Traditional techniques are cumbersome, inaccurate by 8 to 10 percent, and
take 30 to 45 minutes. The anemometer in the FANS system can measure
air-volume flow with 99 percent accuracy in less than 4 minutes, according
to John Simmons and colleagues at ARS' Poultry Research Unit in Mississippi
State, Miss. ARS is USDA's chief research agency.
Simmons and ARS colleagues assembled and calibrated the anemometer in
cooperation with the Aerospace Engineering Department at Mississippi State
University. It was validated by a major fan manufacturer in Bremen, Ala.

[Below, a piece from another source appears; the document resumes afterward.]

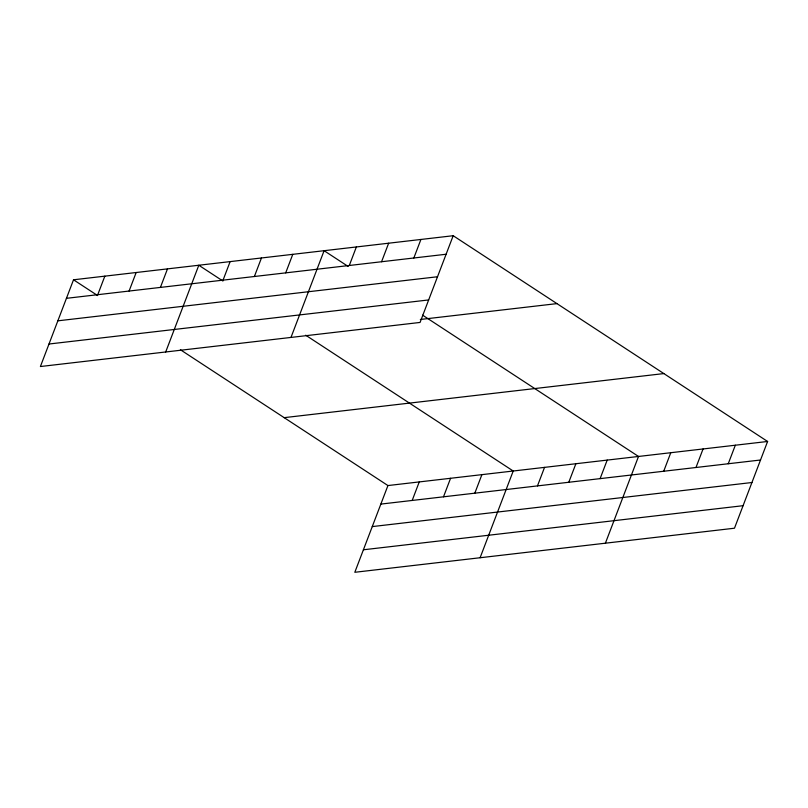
<?xml version="1.0" encoding="UTF-8"?>
<svg xmlns="http://www.w3.org/2000/svg" width="808" height="808" viewBox="0 0 808 808"><rect width="100%" height="100%" fill="white"/><g stroke="black" fill="none" stroke-linecap="round" stroke-linejoin="round"><path stroke-width="1.21" d="M453.187 235.714L73.518 279.79L40.4 366.529L420.069 322.442L453.187 235.714L767.6 441.471L734.482 528.21L354.813 572.286L387.931 485.558L767.6 441.471M97.768 294.688L104.838 276.154M129.088 291.052L136.168 272.518M160.408 287.416L167.488 268.882M165.691 351.975L198.808 265.246L222.917 281.022M223.059 280.144L230.129 261.61M254.379 276.508L261.459 257.974M285.699 272.872L292.779 254.338M290.981 337.431L324.099 250.702L348.208 266.478M349.298 265.489L356.368 246.955M381.568 261.741L388.648 243.208M413.837 257.994L420.918 239.461M412.181 500.455L419.251 481.921M443.501 496.819L450.571 478.286M474.821 493.183L481.901 474.649M480.104 557.742L513.221 471.014L305.707 335.209M537.471 485.901L544.541 467.377M568.792 482.265L575.872 463.741M600.112 478.629L607.192 460.095M605.394 543.198L638.512 456.459L422.614 315.171M663.711 471.246L670.781 452.712M695.981 467.499L703.061 448.965M728.25 463.752L735.33 445.218M66.438 298.324L446.107 254.247M57.853 320.826L437.522 276.75M48.995 344.016L428.664 299.94M420.342 319.473L556.944 303.616M284.174 417.655L663.843 373.579M380.851 504.091L760.52 460.005M372.256 526.594L751.925 482.517M363.408 549.783L743.077 505.697M73.518 279.79L97.627 295.566M180.416 349.753L387.931 485.558"/></g></svg>

FANS can pinpoint the best location for ventilation fans. For example, fans
placed at the end of a long poultry house are more efficient than fans along
the side walls at the end.
The scientists have used FANS to study effects of fan shutters, exhaust
cones, belt guards and propeller deterioration. They plan studies of light
baffles, fan belt condition, dust and static pressure.
While primarily a research tool, FANS has many applications. It saved an egg
company more than $200,000. The company had just installed belt guards on
1,100 fans in 115 poultry houses to protect employees from possible hand
injuries. FANS showed that ventilation remained adequate with the guards
installed; the company did not have to buy additional fans.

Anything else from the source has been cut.